In a temporary lapse of brilliance, Sir Alan Jacks suggests that Fitzgerald weaponize Supermyx and conquer the world. Fitzgerald does just that: after nuking the Bludgerton property to prevent the rabbit outbreak (and having the scientists committed so that word of the threat never comes to light), he has Supermyx bombs planted in every country; as a demonstration of power, he wipes out the entire populations of two countries who refuse to stop warring with each other. This results in total nuclear disarmament, the exile of all nuclear physicists to a doomed island, and an eventual end to conventional warfare. Wars soon become harmless arena games, heavily promoted like the Olympics. Fitzgerald has all weapon factories shut down, but this quickly threatens the world economy, so he decrees the factories continue producing weapons of warfare, which are then summarily dumped into the ocean. Surprisingly, Fitzgerald's seemingly ridiculous plans actually work: world peace finally becomes a reality for three years.

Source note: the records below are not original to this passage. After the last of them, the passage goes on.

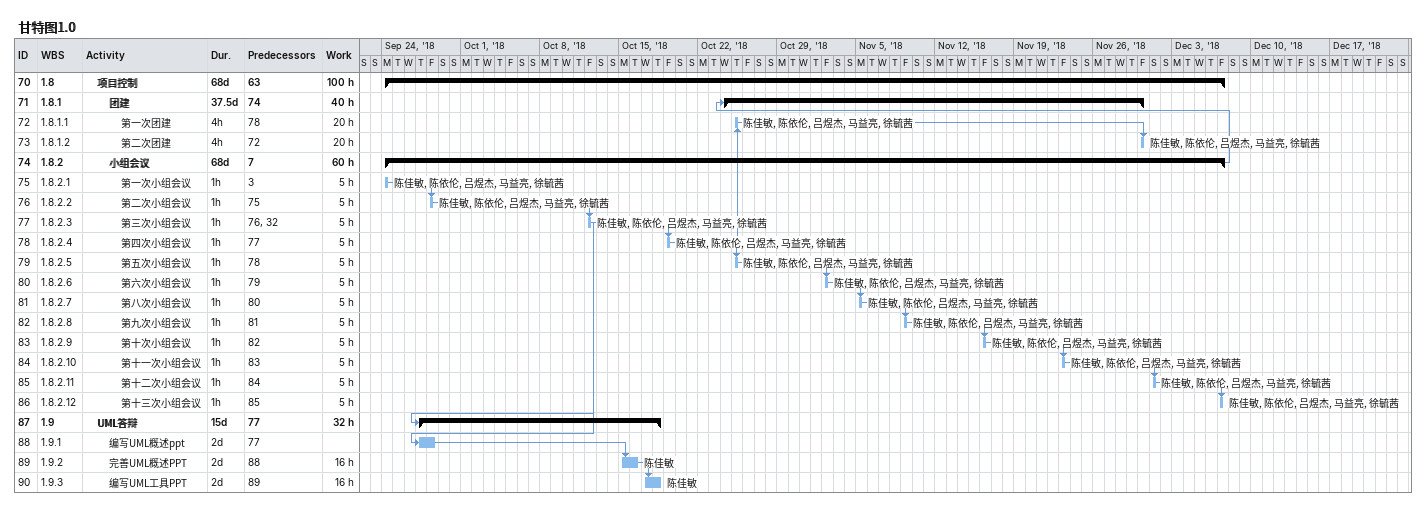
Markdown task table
甘特图1.0

| ID | WBS | Task | Duration | Start | Finish | Predecessors | Resources | Work (h) |
|---|---|---|---|---|---|---|---|---|
| 70 | 1.8 | **项目控制** | 68d | 2018-09-24 | 2018-12-07 | 63 |  | 100 |
| 71 | 1.8.1 | **团建** | 37.5d | 2018-10-24 | 2018-11-30 | 74 |  | 40 |
| 72 | 1.8.1.1 | 第一次团建 | 4h | 2018-10-25 | 2018-10-25 | 78 | 陈佳敏, 陈依伦, 吕煜杰, 马益亮, 徐毓茜 | 20 |
| 73 | 1.8.1.2 | 第二次团建 | 4h | 2018-11-30 | 2018-11-30 | 72 | 陈佳敏, 陈依伦, 吕煜杰, 马益亮, 徐毓茜 | 20 |
| 74 | 1.8.2 | **小组会议** | 68d | 2018-09-24 | 2018-12-07 | 7 |  | 60 |
| 75 | 1.8.2.1 | 第一次小组会议 | 1h | 2018-09-24 | 2018-09-24 | 3 | 陈佳敏, 陈依伦, 吕煜杰, 马益亮, 徐毓茜 | 5 |
| 76 | 1.8.2.2 | 第二次小组会议 | 1h | 2018-09-28 | 2018-09-28 | 75 | 陈佳敏, 陈依伦, 吕煜杰, 马益亮, 徐毓茜 | 5 |
| 77 | 1.8.2.3 | 第三次小组会议 | 1h | 2018-10-12 | 2018-10-12 | 76, 32 | 陈佳敏, 陈依伦, 吕煜杰, 马益亮, 徐毓茜 | 5 |
| 78 | 1.8.2.4 | 第四次小组会议 | 1h | 2018-10-19 | 2018-10-19 | 77 | 陈佳敏, 陈依伦, 吕煜杰, 马益亮, 徐毓茜 | 5 |
| 79 | 1.8.2.5 | 第五次小组会议 | 1h | 2018-10-25 | 2018-10-25 | 78 | 陈佳敏, 陈依伦, 吕煜杰, 马益亮, 徐毓茜 | 5 |
| 80 | 1.8.2.6 | 第六次小组会议 | 1h | 2018-11-02 | 2018-11-02 | 79 | 陈佳敏, 陈依伦, 吕煜杰, 马益亮, 徐毓茜 | 5 |
| 81 | 1.8.2.7 | 第八次小组会议 | 1h | 2018-11-05 | 2018-11-05 | 80 | 陈佳敏, 陈依伦, 吕煜杰, 马益亮, 徐毓茜 | 5 |
| 82 | 1.8.2.8 | 第九次小组会议 | 1h | 2018-11-09 | 2018-11-09 | 81 | 陈佳敏, 陈依伦, 吕煜杰, 马益亮, 徐毓茜 | 5 |
| 83 | 1.8.2.9 | 第十次小组会议 | 1h | 2018-11-16 | 2018-11-16 | 82 | 陈佳敏, 陈依伦, 吕煜杰, 马益亮, 徐毓茜 | 5 |
| 84 | 1.8.2.10 | 第十一次小组会议 | 1h | 2018-11-23 | 2018-11-23 | 83 | 陈佳敏, 陈依伦, 吕煜杰, 马益亮, 徐毓茜 | 5 |
| 85 | 1.8.2.11 | 第十二次小组会议 | 1h | 2018-12-01 | 2018-12-01 | 84 | 陈佳敏, 陈依伦, 吕煜杰, 马益亮, 徐毓茜 | 5 |
| 86 | 1.8.2.12 | 第十三次小组会议 | 1h | 2018-12-07 | 2018-12-07 | 85 | 陈佳敏, 陈依伦, 吕煜杰, 马益亮, 徐毓茜 | 5 |
| 87 | 1.9 | **UML答辩** | 15d | 2018-09-27 | 2018-10-18 | 77 |  | 32 |
| 88 | 1.9.1 | 编写UML概述ppt | 2d | 2018-09-27 | 2018-09-28 | 77 |  |  |
| 89 | 1.9.2 | 完善UML概述PPT | 2d | 2018-10-15 | 2018-10-16 | 88 | 陈佳敏 | 16 |
| 90 | 1.9.3 | 编写UML工具PPT | 2d | 2018-10-17 | 2018-10-18 | 89 | 陈佳敏 | 16 |

As Supermyx can’t travel over water, Australia is completely safe from its own superweapons; however, the Supermyx-carrying Bludgerton Rabbits (now giant from atomic radiation) refuse to go away, and keep resurfacing time and again, threatening to overwhelm Australia and wipe out its population. The rabbits eventually become too numerous to contain, and Australia wages a one-sided war against the numberless brood. Fitzgerald is killed, and the entire continent is evacuated, leaving Australia to the aborigines, who eventually summon a flood to destroy the rabbits. The novel ends with the implication that the remaining Supermyx bombs will detonate, wiping humanity from the face of the earth.

==Characters==

Kevin Sean Aloysius "Ella" Fitzgerald: Prime Minister of Australia, and the novel's protagonist. An archetypal scheming politician.

Major General Sir Alan Jacks: Notoriously incompetent Minister of Defence whose predictions are always wrong, except for one temporary lapse of brilliance when he suggests using Supermyx as a world-dominating weapon.

Sir Alfred Hill G.C.B.: Wealthy landowner, habitual blackmailer, and the story's catalyst. After discovering oil on his property he used his wealth to dominate two boroughs (pocket boroughs), which won Fitzgerald the last election by a two-seat majority. When rabbits begin spawning on his property, Alfred threatens to use the same trick to lose Fitzgerald the next election if he can't find a way to get rid of the rabbits.

Professor Welch: Leader of the team that is tasked to develop Supermyxomatosis, in the hope of annihilating the rabbit plague on Sir Alfred's ranch.

Les Dorfmann: Welch's second-in-command, who becomes a hunted fugitive, and later becomes Fitzgerald's last hope at defeating the deadly rabbits.

Dr Miller: Assistant to professor Golovin, who helps Dorfmann escape the authorities, and later marries him.

Flo Hill, AKA "Ladyill": Wife of Sir Alfred, who Fitzgerald was once infatuated with.

Major Gary Cooper Hill: Son of Ladyill and Sir Alfred. Military man in the Australian army.

The Bludgerton Rabbits: Initially normal rabbits infesting Sir Alfred's Bludgerton property, they become savage plague-carriers when infected with Supermyx. They are the only thing that threatens Australia's total world dominance, and each time they resurface, they are larger, nastier, and more numerous.

==Background==
Braddon said he wrote the book "as a joke" and says it took him four weeks to complete.